Administrative data are used for the small R&D performers or funders. Companies have up to 18 months after their fiscal year end to claim a tax credit for their R&D expenditures.  Underreporting due to this time lag is estimated to be less than 8%, and is largely corrected by imputing estimates based on industry trends for all known performers who have not yet submitted their claim.

Response

“A response error occurs whenever a characteristic is misreported in a census or a survey.”1

As a result of a reconciliation of federal and industrial accounts of government grants and contracts, we think that industrial R&D performance estimates may be slightly low. This is caused by the non-reporting of industrial R&D funded by contract. Such work is sometimes not distinguishable from non-R&D contract work.

The accuracy of the company’s estimates of future expenditures has also been a problem in the past, particularly in the wells and petroleum products industries.

Non-response

“Non-response occurs when information required for a survey unit is missing. This could happen because the unit cannot be contacted, because the unit is unable to provide the information requested, or because the unit refuses to cooperate in the survey.”1

Non-response is a potential problem in four areas. One is the estimate of R&D expenditures two years past the base year. If no estimate is made, editors make one - based usually on the expenditure of the preceding year or a slight increase in expenditures.

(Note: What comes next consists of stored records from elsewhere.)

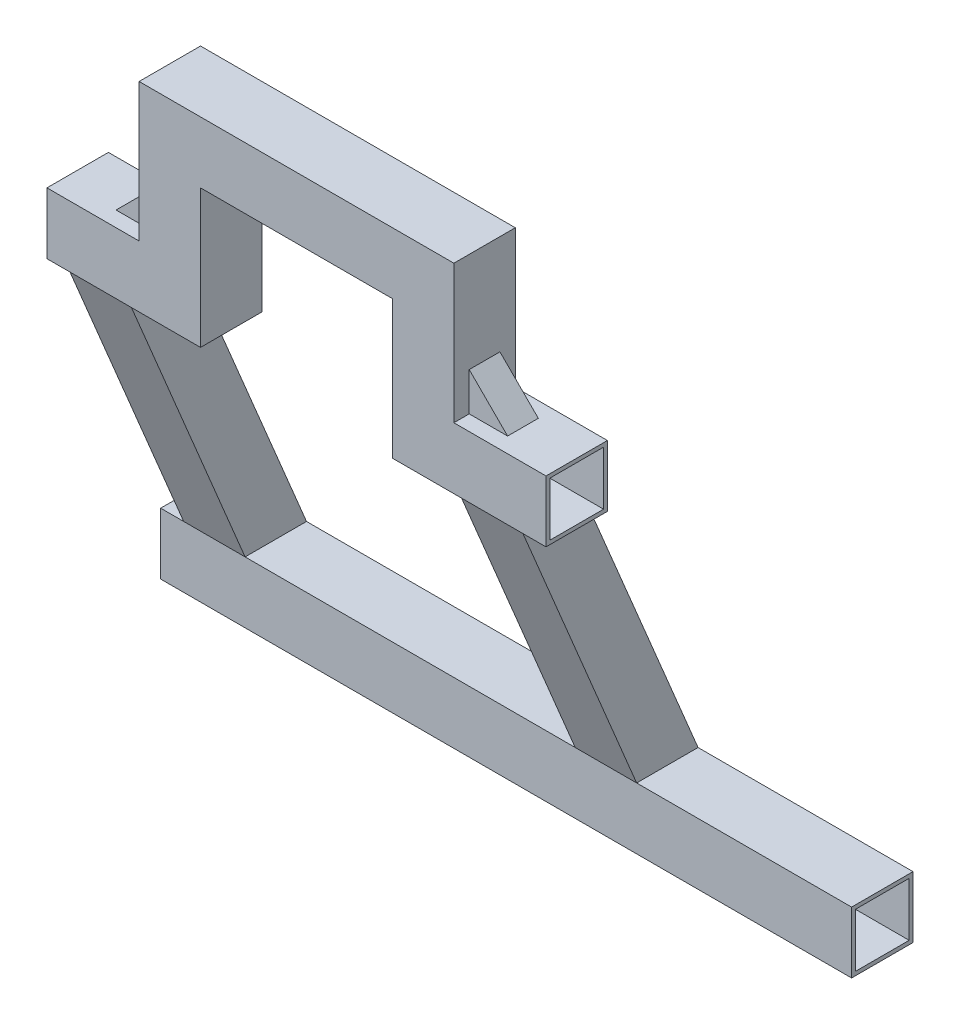
from build123d import *

# Parameters (mm, degrees)
EXTRUDE_1_DEPTH     = 80
SKETCH_2_W          = 80
SKETCH_2_H          = 80
SKETCH_2_W_2        = 70
SKETCH_2_H_2        = 70
EXTRUDE_2_DEPTH     = 385
SKETCH_4_W          = 900
SKETCH_4_H          = 80
EXTRUDE_3_DEPTH     = 80
EXTRUDE_5_DEPTH     = 40
SKETCH_8_W          = 70
SKETCH_8_H          = 70
CUT_EXTRUDE_1_DEPTH = 1011.686172094


with BuildPart() as part:
    # 草图1 → 凸台-拉伸1 (new body)
    with BuildSketch(Plane.XY):
        Polygon((-125, 180), (125, 180), (125, 0), (325, 0), (325, 80), (205, 80), (205, 260), (-205, 260), (-205, 80), (-325, 80), (-325, 0), (-125, 0), align=None)
    extrude(amount=EXTRUDE_1_DEPTH)

    # 草图2 → 凸台-拉伸2 (add, along a direction that is not the sketch's normal)
    # profile 1 of 2: a face of its own
    with BuildSketch(Plane.XZ):
        with Locations((-255, 40)):
            Rectangle(SKETCH_2_W, SKETCH_2_H)
        with Locations((-255, 40)):
            Rectangle(SKETCH_2_W_2, SKETCH_2_H_2, mode=Mode.SUBTRACT)
    # profile 2 of 2: a face of its own
    with BuildSketch(Plane.XZ):
        with Locations((255, 40)):
            Rectangle(SKETCH_2_W, SKETCH_2_H)
        with Locations((255, 40)):
            Rectangle(SKETCH_2_W_2, SKETCH_2_H_2, mode=Mode.SUBTRACT)
    extrude(amount=EXTRUDE_2_DEPTH, dir=(0, -0.923076923076923, -0.3846153846153847))

    # 草图4 → 凸台-拉伸3 (add)
    with BuildSketch(Plane.XZ.offset(355.384615385)):
        with Locations((125, -108.076923077)):
            Rectangle(SKETCH_4_W, SKETCH_4_H)
    extrude(amount=EXTRUDE_3_DEPTH)

    # 草图6 → 凸台-拉伸5 (add)
    with BuildSketch(Plane.XY.offset(20)):
        Polygon((-205, 130), (-255, 80), (-205, 80), align=None)
        Polygon((205, 130), (255, 80), (205, 80), align=None)
    extrude(amount=EXTRUDE_5_DEPTH)

    # 草图8 → 切除-拉伸1 (cut, through all)
    with BuildSketch(Plane.ZY.offset(325)):
        with Locations((-108.076923077, -395.384615385)):
            Rectangle(SKETCH_8_W, SKETCH_8_H)
    extrude(amount=-CUT_EXTRUDE_1_DEPTH, mode=Mode.SUBTRACT)

    # 切除-扫描1: sweep along a path in 草图10
    with BuildLine(Plane(origin=(0, 0, 40), x_dir=(-1, 0, 0), z_dir=(0, 0, -1))) as sweep_1_path:
        Line((-325, 40), (-165, 40))
        Line((-165, 40), (-165, 220))
        Line((-165, 220), (165, 220))
        Line((165, 220), (165, 40))
        Line((165, 40), (325, 40))
    # 草图9 → 切除-扫描1 (sweep, cut)
    with BuildSketch(Plane(origin=(325, 0, 0), x_dir=(0, 0, -1), z_dir=(1, 0, 0))):
        Polygon((-5, 5), (-5, 75), (-20, 75), (-60, 75), (-75, 75), (-75, 5), align=None)
    sweep(path=sweep_1_path.line, transition=Transition.RIGHT, mode=Mode.SUBTRACT)


solid = part.part

The second involves the administrative data used for the smaller R&D performers. These represent 10% of all R&D performed by businesses. Certain information is not asked of them. However, the missing data are imputed from the replies of the larger performers in the same industry.

The third concerns companies inadvertently not included in the survey. A number of sources are used to create the mailing lists and it is unlikely that major performers would be overlooked.  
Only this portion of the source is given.